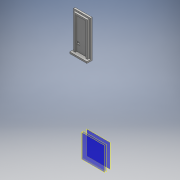
# Autodesk Inventor part: goraczesc1zotworem
Saved by Autodesk Inventor 2016 SP1 (Build 200210100, 210)
## iProperties
Created: 2019-02-21
Part Number: goraczesc1zotworem
Material: Ogólny
Document SubType Name: Modeling
Designer: Maciek
Density: 1 g/cm^3
Appearance: Domyślna
Author: Maciek
Autodesk Inventor part; units mm, degrees
ref_plane "YZ Plane" through (0, 0, 0) normal (1, 0, 0) x (0, 1, 0)
ref_plane "XZ Plane" through (0, 0, 0) normal (0, 1, 0) x (-1, 0, 0)
ref_plane "XY Plane" through (0, 0, 0) normal (0, 0, 1) x (1, 0, 0)
ref_plane "Płaszczyzna konstrukcyjna1" through (0, 19, 0) normal (0, 1, 0) x (1, 0, 0)
ref_plane "Płaszczyzna konstrukcyjna3" through (0, 19, 0) normal (0, 1, 0) x (1, 0, 0)
ref_plane "Płaszczyzna konstrukcyjna2" through (0, 24, 0) normal (0, 1, 0) x (1, 0, 0)
sketch "Szkic23" plane through (0, 24, 0) normal (0, 1, 0) x (1, 0, 0)
  line L0 (-21.8, -101.1) -> (-21.8, -97.6) projected
  line L1 (-8.8, -67.6) -> (-8.8, -69.1) projected
  line L2 (-21.8, -101.1) -> (-8.8, -101.1)
  line L3 (-8.8, -101.1) -> (-8.8, -69.1)
  line L4 (-8.8, -69.1) -> (-21.8, -69.1)
  line L5 (-21.8, -69.1) -> (-21.8, -101.1)
  line L6 (-21.8, -101.1) -> (-20.3, -101.1) construction
  line L7 (-20.3, -101.1) -> (-20.3, -99.6) construction
  line L8 (-20.3, -99.6) -> (-21.8, -99.6) construction
  line L9 (-21.8, -99.6) -> (-21.8, -101.1) construction
  line L10 (-8.8, -69.1) -> (-10.3, -69.1) construction
  line L11 (-21.8, -69.1) -> (-8.8, -69.1) construction
  line L12 (-20.3, -99.6) -> (-10.3, -99.6)
  line L13 (-10.3, -99.6) -> (-10.3, -69.1)
  line L14 (-10.3, -69.1) -> (-20.3, -69.1)
  line L15 (-20.3, -69.1) -> (-20.3, -99.6)
  point P0 (0, 0)
  dimension "d135" = 1.5
  dimension "d136" = 1.5
  dimension "d137" = 1.5
  constraints: 26 end point, 6 parallel, 3 horizontal, 3 perpendicular, 1 point on line
  measures "d135" distance of L8.end L7.end
  measures "d136" distance of L7.end L6.end
  measures "d137" distance of L1.end L10.end
extrude "Wyciągnięcie proste21" add sketch "Szkic23" against normal blind 1.5 contours L0 L5 L4 L15 L12 L13 L3 L2
ref_plane "Płaszczyzna konstrukcyjna5" through (0, 24, 0) normal (0, 1, 0) x (1, 0, 0)
sketch "Szkic24" plane through (0, 24, 0) normal (0, 1, 0) x (1, 0, 0)
  line L0 (-23.3, -69.1) -> (-23.3, -102.6) projected
  line L1 (-23.3, -69.1) -> (-7.3, -69.1)
  line L2 (-7.3, -69.1) -> (-7.3, -67.6)
  line L3 (-7.3, -67.6) -> (-23.3, -67.6)
  line L4 (-23.3, -67.6) -> (-23.3, -69.1)
  point P0 (0, 0)
  dimension "d140" = 16
  dimension "d141" = 1.5
  constraints: 8 end point, 2 parallel, 1 horizontal, 1 perpendicular
  measures "d140" distance of L3.end L2.end
  measures "d141" distance of L2.end L1.end
extrude "Wyciągnięcie proste22" add sketch "Szkic24" against normal blind 3.5
ref_plane "Płaszczyzna konstrukcyjna6" through (0, 24, 0) normal (0, 1, 0) x (1, 0, 0)
sketch "Szkic25" plane through (0, 24, 0) normal (0, 1, 0) x (1, 0, 0)
  line L0 (-7.3, -102.6) -> (-7.3, -69.1) projected
  line L1 (-23.3, -69.1) -> (-23.3, -67.6) projected
  line L2 (-7.3, -102.6) -> (-23.3, -102.6)
  line L3 (-23.3, -102.6) -> (-23.3, -67.6)
  line L4 (-23.3, -67.6) -> (-7.3, -67.6)
  line L5 (-7.3, -67.6) -> (-7.3, -102.6)
  point P0 (0, 0)
  constraints: 8 end point, 2 parallel, 1 horizontal, 1 perpendicular
extrude "Wyciągnięcie proste23" add sketch "Szkic25" along normal blind 1.5
ref_plane "Płaszczyzna konstrukcyjna4" through (0, 20.5, 0) normal (0, 1, 0) x (1, 0, 0)
sketch "Szkic27" plane through (0, 25.5, 0) normal (0, 1, 0) x (1, 0, 0)
  line L0 (-23.3, -67.6) -> (-23.3, -102.6) construction
  line L1 (-23.3, -102.6) -> (-23.3, -77.6) construction
  line L2 (-23.3, -77.6) -> (-23.3, -75.6) construction
  line L3 (-23.3, -77.6) -> (-20.3, -77.6) construction
  line L4 (-23.3, -75.6) -> (-17.3, -75.6) construction
  line L5 (-20.3, -77.6) -> (-17.3, -77.6)
  line L6 (-17.3, -77.6) -> (-17.3, -75.6)
  line L7 (-17.3, -75.6) -> (-20.3, -75.6)
  line L8 (-20.3, -75.6) -> (-20.3, -77.6)
  point P0 (0, 0)
  dimension "d152" = 25
  dimension "d153" = 2
  dimension "d154" = 3
  dimension "d155" = 6
  constraints: 16 end point, 2 horizontal, 2 parallel, 2 perpendicular, 2 point on line
  measures "d152" distance of L0.end L1.end
  measures "d153" distance of L1.end L2.end
  measures "d154" distance of L1.end L3.end
  measures "d155" distance of L2.end L4.end
extrude "Wyciągnięcie proste25" cut sketch "Szkic27" against normal blind 10
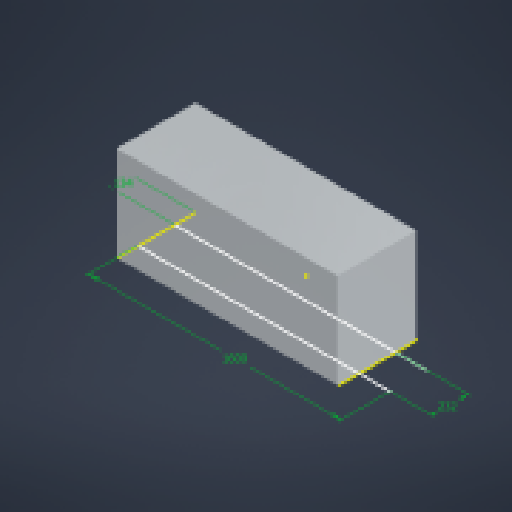
# Autodesk Inventor part: testhell
Saved by Autodesk Inventor 2023 (Build 270158000, 158)
## iProperties
Created: 2022-09-07
Part Number: testhell
Material: Steel, Mild
Document SubType Name: Modeling
Designer: Mike
Density: 7.85 g/cm^3
Appearance: Clear
Author: Mike
Autodesk Inventor part; units mm, degrees
ref_plane "YZ Plane" through (0, 0, 0) normal (1, 0, 0) x (0, 1, 0)
ref_plane "XZ Plane" through (0, 0, 0) normal (0, 1, 0) x (-1, 0, 0)
ref_plane "XY Plane" through (0, 0, 0) normal (0, 0, 1) x (1, 0, 0)
sketch "Sketch1" plane through (0, 0, 0) normal (0, 0, 1) x (1, 0, 0)
  line L0 (-700, 300) -> (700, 300)
  line L1 (700, 300) -> (700, -300)
  line L2 (700, -300) -> (-700, -300)
  line L3 (-700, -300) -> (-700, 300)
  line L4 (-700, 300) -> (700, -300) construction
  line L5 (700, 300) -> (-700, -300) construction
  point P0 (0, 0)
  dimension "d0" = 1400
  dimension "d1" = 600
  constraints: 12 end point, 2 midpoint, 2 parallel, 1 horizontal, 1 perpendicular
  measures "d0" distance of L1.end L2.end
  measures "d1" distance of L0.end L1.end
extrude "Extrusion1" add sketch "Sketch1" along normal blind 500
sketch "Sketch2" plane through (-700, -300, 0) normal (0, -1, 0) x (1, 0, 0)
  line L0 (0, 0) -> (0, 500) projected
  line L1 (0, 366) -> (1400, 366)
  line L2 (0, 134) -> (1400, 134)
  line L3 (1400, 0) -> (1400, 500) projected
  line L4 (1400, 134) -> (1600, 134)
  line L5 (1400, 366) -> (1600, 366)
  point P0 (700, 0)
  dimension "d4" = 134
  dimension "d5" = 232
  dimension "d6" = 1400
  dimension "d7" = 200
  constraints: 8 end point, 4 horizontal, 3 point on line
  measures "d4" distance from line of L2 L0.start
  measures "d5" distance between parallel lines of L1 L2
  measures "d6" distance of L1.start L1.end
  measures "d7" distance of L1.end L5.end
body "Solid1"
________________________________________
Problem statement:
Report the number of lines in these entries that hold the word "Saved". Add nothing else.

Task result:
2